DATA section start

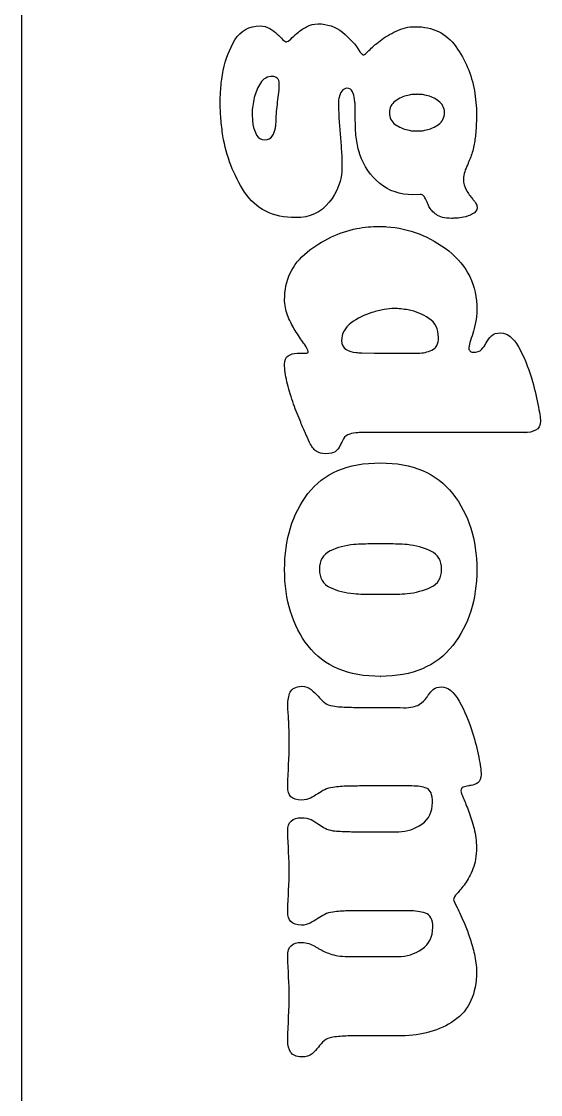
# Model space of a CAD drawing. Extents: x 0 to 771, y 958 to 1701.
# Drawn here: x 674.8 to 708.8, y 1578.4 to 1648.8 of the extents above; entities that cross this region are included whole.
import ezdxf

# ---------------------------------------------------------------- set-up
doc = ezdxf.new("R2010")
doc.units = 0
doc.layers.add('H0114_Printing', color=7, linetype='CONTINUOUS')

msp = doc.modelspace()

# ---------------------------------------------------------------- linework, layer by layer
at = {"layer": 'H0114_Printing', "color": 1}
msp.add_lwpolyline([(674.770683, 1672.188058), (674.770683, 1539.047062)], dxfattribs=at)
at = {"layer": 'H0114_Printing', "color": 4}
for points in [[(691.556783, 1645.062059)], [(694.965783, 1636.928059)]]:
    msp.add_lwpolyline(points, close=True, dxfattribs=at)
for points in [[(700.730782, 1644.011059), (700.753782, 1644.011059)], [(696.663783, 1642.659059), (696.663783, 1643.179059), (696.663783, 1643.410059)], [(700.938782, 1637.448059), (700.453782, 1637.425059)], [(698.235083, 1635.344959), (698.478083, 1635.344959)], [(692.042083, 1630.387959), (692.042083, 1630.514959)], [(705.260082, 1627.695959), (705.283082, 1627.718959)], [(692.874083, 1627.025959), (693.405083, 1627.025959), (693.428083, 1627.025959)], [(697.103083, 1627.048959), (697.934083, 1627.025959), (700.361082, 1627.025959)], [(700.361082, 1627.025959), (700.569082, 1627.025959), (700.800082, 1627.025959)], [(707.825082, 1621.826959), (698.120083, 1621.826959), (697.033083, 1621.826959)], [(707.802082, 1621.826959), (707.825082, 1621.826959)], [(698.882483, 1614.52456), (697.796483, 1614.52456)], [(697.773483, 1611.22056), (698.350483, 1611.22056), (698.905483, 1611.22056)], [(698.327483, 1605.83556), (698.350483, 1605.83556)], [(697.195583, 1603.80266), (697.218583, 1603.80266)], [(697.218583, 1603.80266), (699.621583, 1603.80266), (699.852583, 1603.77966)], [(692.342583, 1601.35266), (692.342583, 1601.99966)], [(700.384582, 1598.64966), (700.107582, 1598.64966), (697.218583, 1598.64966)], [(704.289582, 1598.67266), (704.196582, 1598.67266)], [(697.195583, 1595.64566), (699.483583, 1595.64566), (699.529583, 1595.64566)], [(700.222582, 1590.46866), (700.130582, 1590.46866), (700.037582, 1590.46866), (699.875583, 1590.46866), (699.713583, 1590.46866), (697.218583, 1590.46866)], [(696.386583, 1587.46466), (699.483583, 1587.46466)], [(699.713583, 1582.26566), (697.218583, 1582.26566)]]:
    msp.add_lwpolyline(points, dxfattribs=at)
for points in [[(688.783783, 1647.581059), (689.153783, 1648.190059), (689.708783, 1648.494059), (690.447783, 1648.494059)], [(690.447783, 1648.494059), (690.678783, 1648.494059), (690.886783, 1648.440059), (691.071783, 1648.332059)], [(691.071783, 1648.332059), (691.256783, 1648.224059), (691.418783, 1648.101059), (691.556783, 1647.962059)], [(692.873783, 1648.032059), (693.058783, 1648.186059), (693.262783, 1648.325059), (693.486783, 1648.448059)], [(693.486783, 1648.448059), (693.709783, 1648.571059), (693.959783, 1648.633059), (694.237783, 1648.633059)], [(694.237783, 1648.633059), (694.838783, 1648.633059), (695.372783, 1648.448059), (695.842783, 1648.078059)], [(699.367783, 1648.159059), (699.767783, 1648.352059), (700.183782, 1648.448059), (700.615782, 1648.448059)], [(700.615782, 1648.448059), (701.770782, 1648.448059), (702.660782, 1648.013059), (703.284782, 1647.142059)], [(688.020783, 1645.582059), (688.159783, 1646.307059), (688.413783, 1646.972059), (688.783783, 1647.581059)], [(691.556783, 1647.962059), (691.695783, 1647.839059), (691.814783, 1647.724059), (691.914783, 1647.615059)], [(691.914783, 1647.615059), (692.014783, 1647.508059), (692.096783, 1647.454059), (692.157783, 1647.454059)], [(692.157783, 1647.454059), (692.234783, 1647.454059), (692.330783, 1647.516059), (692.445783, 1647.639059)], [(692.445783, 1647.639059), (692.561783, 1647.762059), (692.703783, 1647.893059), (692.873783, 1648.032059)], [(695.842783, 1648.078059), (696.312783, 1647.708059), (696.694783, 1647.284059), (696.987783, 1646.807059)], [(697.576783, 1646.888059), (697.769783, 1647.081059), (698.011783, 1647.292059), (698.304783, 1647.523059)], [(698.304783, 1647.523059), (698.612783, 1647.754059), (698.966783, 1647.966059), (699.367783, 1648.159059)], [(696.987783, 1646.807059), (696.987783, 1646.792059), (696.990783, 1646.780059), (696.998783, 1646.772059)], [(697.241783, 1646.599059), (697.271783, 1646.599059), (697.383783, 1646.695059), (697.576783, 1646.888059)], [(703.284782, 1647.142059), (703.907782, 1646.272059), (704.312782, 1645.313059), (704.497782, 1644.265059)], [(696.998783, 1646.772059), (697.006783, 1646.765059), (697.017783, 1646.761059), (697.033783, 1646.761059)], [(697.033783, 1646.761059), (697.063783, 1646.714059), (697.098783, 1646.676059), (697.137783, 1646.645059)], [(697.137783, 1646.645059), (697.175783, 1646.615059), (697.209783, 1646.599059), (697.241783, 1646.599059)], [(687.859783, 1644.461059), (687.890783, 1644.823059), (687.943783, 1645.197059), (688.020783, 1645.582059)], [(690.458783, 1644.750059), (690.266783, 1644.458059), (690.131783, 1644.142059), (690.054783, 1643.803059)], [(691.256783, 1645.189059), (690.917783, 1645.189059), (690.651783, 1645.043059), (690.458783, 1644.750059)], [(691.556783, 1645.062059), (691.464783, 1645.147059), (691.363783, 1645.189059), (691.256783, 1645.189059)], [(691.695783, 1644.750059), (691.695783, 1644.874059), (691.648783, 1644.977059), (691.556783, 1645.062059)], [(691.660783, 1644.126059), (691.683783, 1644.327059), (691.695783, 1644.535059), (691.695783, 1644.750059)], [(687.812783, 1643.502059), (687.812783, 1643.780059), (687.828783, 1644.100059), (687.859783, 1644.461059)], [(691.579783, 1643.502059), (691.610783, 1643.718059), (691.637783, 1643.926059), (691.660783, 1644.126059)], [(695.793783, 1644.219059), (695.710783, 1644.096059), (695.654783, 1643.957059), (695.623783, 1643.803059)], [(696.137783, 1644.404059), (695.991783, 1644.404059), (695.876783, 1644.342059), (695.793783, 1644.219059)], [(696.499783, 1644.184059), (696.433783, 1644.331059), (696.312783, 1644.404059), (696.137783, 1644.404059)], [(696.619783, 1643.687059), (696.605783, 1643.872059), (696.564783, 1644.038059), (696.499783, 1644.184059)], [(700.441782, 1643.999059), (700.341782, 1643.992059), (700.237782, 1643.973059), (700.130782, 1643.942059)], [(700.753782, 1644.011059), (700.645782, 1644.011059), (700.541782, 1644.007059), (700.441782, 1643.999059)], [(701.019782, 1643.999059), (700.919782, 1644.007059), (700.822782, 1644.011059), (700.730782, 1644.011059)], [(701.331782, 1643.942059), (701.223782, 1643.973059), (701.119782, 1643.992059), (701.019782, 1643.999059)], [(704.497782, 1644.265059), (704.543782, 1644.003059), (704.578782, 1643.741059), (704.601782, 1643.479059)], [(687.859783, 1642.416059), (687.828783, 1642.786059), (687.812783, 1643.148059), (687.812783, 1643.502059)], [(690.054783, 1643.803059), (690.008783, 1643.618059), (689.973783, 1643.437059), (689.950783, 1643.259059)], [(691.521783, 1642.890059), (691.545783, 1643.098059), (691.564783, 1643.302059), (691.579783, 1643.502059)], [(695.589783, 1643.641059), (695.581783, 1643.579059), (695.577783, 1643.525059), (695.577783, 1643.479059)], [(695.577783, 1643.479059), (695.577783, 1643.125059), (695.589783, 1642.771059), (695.612783, 1642.416059)], [(695.623783, 1643.803059), (695.608783, 1643.756059), (695.596783, 1643.703059), (695.589783, 1643.641059)], [(696.641783, 1643.548059), (696.641783, 1643.595059), (696.634783, 1643.641059), (696.619783, 1643.687059)], [(696.663783, 1643.410059), (696.648783, 1643.456059), (696.641783, 1643.502059), (696.641783, 1643.548059)], [(699.309783, 1643.571059), (699.055783, 1643.387059), (698.928783, 1643.133059), (698.928783, 1642.809059)], [(700.130782, 1643.942059), (699.836783, 1643.880059), (699.563783, 1643.756059), (699.309783, 1643.571059)], [(702.152782, 1643.571059), (701.897782, 1643.756059), (701.623782, 1643.880059), (701.331782, 1643.942059)], [(702.532782, 1642.809059), (702.532782, 1643.133059), (702.405782, 1643.387059), (702.152782, 1643.571059)], [(704.601782, 1643.479059), (704.624782, 1643.217059), (704.636782, 1642.963059), (704.636782, 1642.717059)], [(689.950783, 1643.259059), (689.927783, 1643.083059), (689.915783, 1642.924059), (689.915783, 1642.786059)], [(689.915783, 1642.786059), (689.915783, 1642.694059), (689.919783, 1642.578059), (689.927783, 1642.439059)], [(691.486783, 1642.278059), (691.486783, 1642.478059), (691.498783, 1642.682059), (691.521783, 1642.890059)], [(696.686783, 1642.139059), (696.671783, 1642.309059), (696.663783, 1642.482059), (696.663783, 1642.659059)], [(698.928783, 1642.809059), (698.928783, 1642.470059), (699.055783, 1642.212059), (699.309783, 1642.035059)], [(702.152782, 1642.035059), (702.405782, 1642.212059), (702.532782, 1642.470059), (702.532782, 1642.809059)], [(704.636782, 1642.717059), (704.636782, 1642.516059), (704.632782, 1642.312059), (704.624782, 1642.104059)], [(687.998783, 1641.284059), (687.936783, 1641.669059), (687.890783, 1642.047059), (687.859783, 1642.416059)], [(689.927783, 1642.439059), (689.935783, 1642.300059), (689.946783, 1642.162059), (689.961783, 1642.023059)], [(689.961783, 1642.023059), (690.008783, 1641.777059), (690.088783, 1641.549059), (690.204783, 1641.342059)], [(691.441783, 1641.815059), (691.456783, 1641.892059), (691.468783, 1641.974059), (691.475783, 1642.058059)], [(691.475783, 1642.058059), (691.483783, 1642.143059), (691.486783, 1642.216059), (691.486783, 1642.278059)], [(695.612783, 1642.416059), (695.635783, 1642.062059), (695.661783, 1641.708059), (695.692783, 1641.353059)], [(696.755783, 1641.076059), (696.709783, 1641.430059), (696.686783, 1641.785059), (696.686783, 1642.139059)], [(699.309783, 1642.035059), (699.563783, 1641.858059), (699.836783, 1641.738059), (700.130782, 1641.677059)], [(701.331782, 1641.677059), (701.623782, 1641.738059), (701.897782, 1641.858059), (702.152782, 1642.035059)], [(704.624782, 1642.104059), (704.616782, 1641.896059), (704.605782, 1641.692059), (704.589782, 1641.492059)], [(689.419783, 1637.598059), (688.687783, 1638.715059), (688.213783, 1639.944059), (687.998783, 1641.284059)], [(690.204783, 1641.342059), (690.320783, 1641.134059), (690.501783, 1641.030059), (690.747783, 1641.030059)], [(690.747783, 1641.030059), (690.963783, 1641.030059), (691.125783, 1641.110059), (691.232783, 1641.272059)], [(691.232783, 1641.272059), (691.340783, 1641.434059), (691.410783, 1641.615059), (691.441783, 1641.815059)], [(695.692783, 1641.353059), (695.723783, 1640.999059), (695.750783, 1640.645059), (695.774783, 1640.290059)], [(700.130782, 1641.677059), (700.237782, 1641.646059), (700.341782, 1641.627059), (700.441782, 1641.619059)], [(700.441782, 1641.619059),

DATA section end

● EXERCISE PROMPT:
The images in the entries above should be left out; please reproduce exactly the lines from the first through the one containing "doc.units = 0".

● RESULT BELOW:
# Model space of a CAD drawing. Extents: x 0 to 771, y 958 to 1701.
# Drawn here: x 674.8 to 708.8, y 1578.4 to 1648.8 of the extents above; entities that cross this region are included whole.
import ezdxf

# ---------------------------------------------------------------- set-up
doc = ezdxf.new("R2010")
doc.units = 0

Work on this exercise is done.